Günther Schiedlausky wurde am 28. November 1907 in Berlin geboren; seine Eltern waren der Kaufmann Arthur Schiedlausky und seine Ehefrau Elsa, geb. Hoffmann.1 Nach einem Studium der Kunstgeschichte, Philosophie und Romanistik in Berlin, Wien und Marburg promovierte er 1934 bei Kurt Steinbart 1890-1981) in Marburg zu Martin Grünberg, einem Berliner Barockarchitekten, und war anschließend als Volontär an den Staatlichen Museen Berlin tätig, zunächst 1935/36 in der Skulpturenabteilung, ab 1937 im Kupferstichkabinett. 1936 arbeitete er in der schlesischen Kunstdenkmälerinventarisation in Oppeln und ging anschließend bis 1937 mit einem einjährigen Stipendium ans Kunsthistorische Institut in Florenz. Von 1938 bis 1940 kehrte er, nun mit Werkvertrag als wissenschaftlicher Hilfsarbeiter, an die Skulpturenabteilung der Staatlichen Museen Berlin zurück. Bereits 1931/32 und dann wieder ab 1934 war Schiedlausky Mitglied der NSDAP.2

Im Juni 1940 wurde Schiedlausky zum Wehrdienst einberufen und war ab August des Jahres in Frankreich zunächst im Küstenschutz eingesetzt, bevor er im Oktober 1940 als „Kriegsverwaltungsassessor“ zur Abteilung Kunstschutz des Militärbefehlshabers in Frankreich versetzt wurde.3 Kurz darauf, im November 1940, wurde er vom Kunstschutz zum Einsatzstab Reichsleiter Rosenberg (ERR) abgeordnet und dem „Sonderstab Bildende Kunst“ („Sonderstab Louvre“) unter Leitung Kurt von Behrs, ab 1943 unter Robert Scholz, zugeteilt.

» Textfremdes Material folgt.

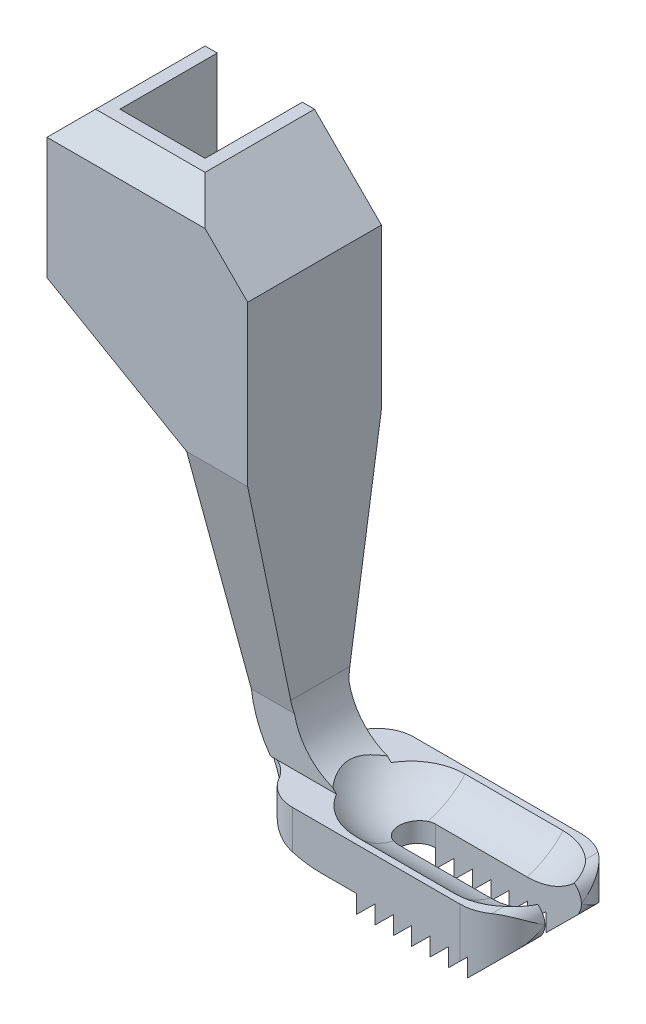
from build123d import *

# Parameters (mm, degrees)
LINEAR_AUSTRAGEN1_DEPTH       = 10
LINEAR_AUSTRAGEN2_DEPTH       = 19.662561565
LINEAR_AUSTRAGEN8_DEPTH       = 19.662561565
LINEAR_AUSTRAGEN9_DEPTH       = 2.25
LINEAR_AUSTRAGEN9_DEPTH_BACK  = 2.25
LINEAR_AUSTRAGEN10_DEPTH      = 5.5
LINEAR_AUSTRAGEN10_DEPTH_BACK = 5.5
LINEAR_AUSTRAGEN11_DEPTH      = 43.285727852
LINEAR_AUSTRAGEN11_DEPTH_BACK = 43.285727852
SKIZZE13_W                    = 7
SKIZZE13_H                    = 8
LINEAR_AUSTRAGEN13_DEPTH      = 52.625327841
FASE1_SIZE                    = 2


with BuildPart() as part:
    # Skizze1 → Linear austragen1 (new body)
    with BuildSketch(Plane.XY):
        with BuildLine():
            Line((0, -8.5), (2.942931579, -8.5))
            Line((2.942931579, -8.5), (2.942931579, -10))
            Line((2.942931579, -10), (4.458843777, -8.5))
            Line((4.458843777, -8.5), (4.458843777, -10))
            Line((4.458843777, -10), (5.974755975, -8.5))
            Line((5.974755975, -8.5), (5.974755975, -10))
            Line((5.974755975, -10), (7.490668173, -8.5))
            Line((7.490668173, -8.5), (7.490668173, -10))
            Line((7.490668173, -10), (9.006580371, -8.5))
            Line((9.006580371, -8.5), (9.006580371, -10))
            Line((9.006580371, -10), (10.522492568, -8.5))
            Line((10.522492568, -8.5), (10.522492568, -10))
            Line((10.522492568, -10), (12.038404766, -8.5))
            Line((12.038404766, -8.5), (12.038404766, -10))
            Line((12.038404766, -10), (14.497980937, -7.566241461))
            ThreePointArc((14.497980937, -7.566241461), (14.830260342, -5.929632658), (13.442931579, -5))
            Line((13.442931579, -5), (0, -5))
            Line((0, -5), (-6.873863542, -5))
            ThreePointArc((-6.873863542, -5), (-3.856812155, -7.574628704), (0, -8.5))
        make_face()
    extrude(amount=LINEAR_AUSTRAGEN1_DEPTH)

    # Skizze2 → Linear austragen2 (cut, through all)
    with BuildSketch(Plane(origin=(0, -5, 0), x_dir=(1, 0, 0), z_dir=(0, 1, 0))):
        with BuildLine():
            Line((14.942931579, -3.5), (2.942931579, -3.5))
            ThreePointArc((2.942931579, -3.5), (1.442931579, -5), (2.942931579, -6.5))
            Line((2.942931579, -6.5), (14.942931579, -6.5))
            Line((14.942931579, -6.5), (14.942931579, -3.5))
        make_face()
    extrude(amount=-LINEAR_AUSTRAGEN2_DEPTH, mode=Mode.SUBTRACT)

    # Skizze3 → Linear austragen8 (cut, through all)
    with BuildSketch(Plane(origin=(0, -5, 0), x_dir=(1, 0, 0), z_dir=(0, 1, 0))):
        with BuildLine():
            Line((14.942931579, 0), (14.942931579, -3.5))
            ThreePointArc((14.942931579, -3.5), (13.917805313, -1.025126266), (11.442931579, 0))
            Line((11.442931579, 0), (14.942931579, 0))
        make_face()
        with BuildLine():
            Line((-6.873863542, -10), (-6.873863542, -7.070666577))
            ThreePointArc((-6.873863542, -7.070666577), (-5.748072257, -7.58005697), (-4.923093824, -8.5))
            ThreePointArc((-4.923093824, -8.5), (-3.825017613, -9.598076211), (-2.325017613, -10))
            Line((-2.325017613, -10), (-6.873863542, -10))
        make_face()
        with BuildLine():
            Line((14.942931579, -10), (11.442931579, -10))
            ThreePointArc((11.442931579, -10), (13.917805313, -8.974873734), (14.942931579, -6.5))
            Line((14.942931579, -6.5), (14.942931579, -10))
        make_face()
        with BuildLine():
            Line((-2.325017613, 0), (-6.873863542, 0))
            Line((-6.873863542, 0), (-6.873863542, -2.929333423))
            ThreePointArc((-6.873863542, -2.929333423), (-5.748072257, -2.41994303), (-4.923093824, -1.5))
            ThreePointArc((-4.923093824, -1.5), (-3.825017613, -0.401923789), (-2.325017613, 0))
        make_face()
    extrude(amount=-LINEAR_AUSTRAGEN8_DEPTH, mode=Mode.SUBTRACT)

    # Skizze5 → Linear austragen9 (add, two sides: drawn at the far end of the back side and taken through both)
    with BuildSketch(Plane.XY.offset(5).offset(-LINEAR_AUSTRAGEN9_DEPTH_BACK)):
        with BuildLine():
            Line((0, -5), (-6.873863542, -5))
            ThreePointArc((-6.873863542, -5), (-7.914293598, -3.100638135), (-8.440971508, -1))
            Line((-8.440971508, -1), (-4.898979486, -1))
            ThreePointArc((-4.898979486, -1), (-3.16227766, -3.872983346), (0, -5))
        make_face()
    extrude(amount=LINEAR_AUSTRAGEN9_DEPTH + LINEAR_AUSTRAGEN9_DEPTH_BACK)

    # Skizze7 → Linear austragen10 (add, two sides: drawn at the far end of the back side and taken through both)
    with BuildSketch(Plane(origin=(0, 0, 5.5), x_dir=(-1, 0, 0), z_dir=(0, 0, -1)).offset(-LINEAR_AUSTRAGEN10_DEPTH_BACK)):
        with BuildLine():
            Line((5, 30.128110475), (5, 0))
            ThreePointArc((5, 0), (4.974680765, -0.50254481), (4.898979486, -1))
            Line((4.898979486, -1), (8.440971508, -1))
            ThreePointArc((8.440971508, -1), (8.455306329, -0.870514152), (8.467654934, -0.740823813))
            Line((8.467654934, -0.740823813), (10.019775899, 17))
            Line((10.019775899, 17), (21.5, 23.628110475))
            Line((21.5, 23.628110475), (21.5, 35.628110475))
            Line((21.5, 35.628110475), (10.5, 35.628110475))
            Line((10.5, 35.628110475), (5, 30.128110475))
        make_face()
    extrude(amount=LINEAR_AUSTRAGEN10_DEPTH + LINEAR_AUSTRAGEN10_DEPTH_BACK)

    # Skizze9 → Linear austragen11 (cut, two sides: drawn at the far end of the back side and taken through both)
    with BuildSketch(Plane(origin=(-5, 0, 0), x_dir=(0, 0, -1), z_dir=(1, 0, 0)).offset(-LINEAR_AUSTRAGEN11_DEPTH_BACK)):
        Polygon((-7.25, -1), (-11, 17), (-11, -1), align=None)
        Polygon((0, 17), (-2.75, -1), (0, -1), align=None)
    extrude(amount=LINEAR_AUSTRAGEN11_DEPTH + LINEAR_AUSTRAGEN11_DEPTH_BACK, mode=Mode.SUBTRACT)

    # Skizze13 → Linear austragen13 (cut, through all)
    with BuildSketch(Plane(origin=(0, 35.628110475, 0), x_dir=(1, 0, 0), z_dir=(0, 1, 0))):
        with Locations((-15, -4)):
            Rectangle(SKIZZE13_W, SKIZZE13_H)
    extrude(amount=-LINEAR_AUSTRAGEN13_DEPTH, mode=Mode.SUBTRACT)

    # Fase1
    fase1_edges = [part.edges().sort_by_distance(p)[0] for p in [
        (-16, 35.628110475, 11),
        (-21.5, 35.628110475, 5.5),
    ]]
    chamfer(fase1_edges, length=FASE1_SIZE)

    # Skizze14 → Schnitt-Rotation1 (revolve, cut)
    with BuildSketch(Plane.XY.offset(5)):
        with BuildLine():
            Line((2.415067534, -7), (10.470795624, -7))
            ThreePointArc((10.470795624, -7), (14.713436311, -5.242640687), (16.470795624, -1))
            Line((16.470795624, -1), (-3.584932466, -1))
            ThreePointArc((-3.584932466, -1), (-1.827573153, -5.242640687), (2.415067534, -7))
        make_face()
    revolve(axis=Axis((2.415067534, -1, 5), (1, 0, 0)), mode=Mode.SUBTRACT)


solid = part.part

Schiedlauskys Abordnung zum ERR und dortige Tätigkeit

Zu Schiedlauskys Tätigkeit beim ERR existieren mehrere Berichte. An erster Stelle zu nennen sind der „Detailed Interrogation Report (DIR) No. 5“ zu Schiedlausky und der „Consolidated Interrogation Report (CIR) No. 1“ zur Tätigkeit des ERR in Frankreich.1 Beide wurden im August 1945 von James Sachs Plaut, dem Leiter der Art Looting Investigation Unit (ALIU) des US-amerikanischen Militärnachrichtendienstes Office of Strategic Services (OSS), auf der Basis von Verhörprotokollen mehrerer ERR-Angehöriger und weiteren Unterlagen zum ERR verfasst. Zu den Dokumenten, die Plaut auswertete, gehörte u. a. ein Bericht von Schiedlausky selbst vom 22. August 1942 zu seiner Tätigkeit beim ERR.2 Weitere kurze Angaben zu Schiedlausky liegen von Rose Valland vor, die Schiedlausky aufgrund seiner Tätigkeit im Jeu de Paume nach eigenem Bekunden gut kannte.3 Wesentliche Quellen zu Schiedlauskys Tätigkeit sind also – abgesehen vom Bericht Vallands – Selbstzeugnisse bzw. beruhen jedenfalls teilweise auf Selbstzeugnissen und sind entsprechend kritisch zu lesen. Die Angaben in den genannten Berichten werden ergänzt durch Unterlagen zur Tätigkeit des ERR, die für diesen Beitrag nur teilweise gesichtet werden konnten.4 Der Forschungsstand wird daher in Zukunft noch zu präzisieren bzw. zu modifizieren sein.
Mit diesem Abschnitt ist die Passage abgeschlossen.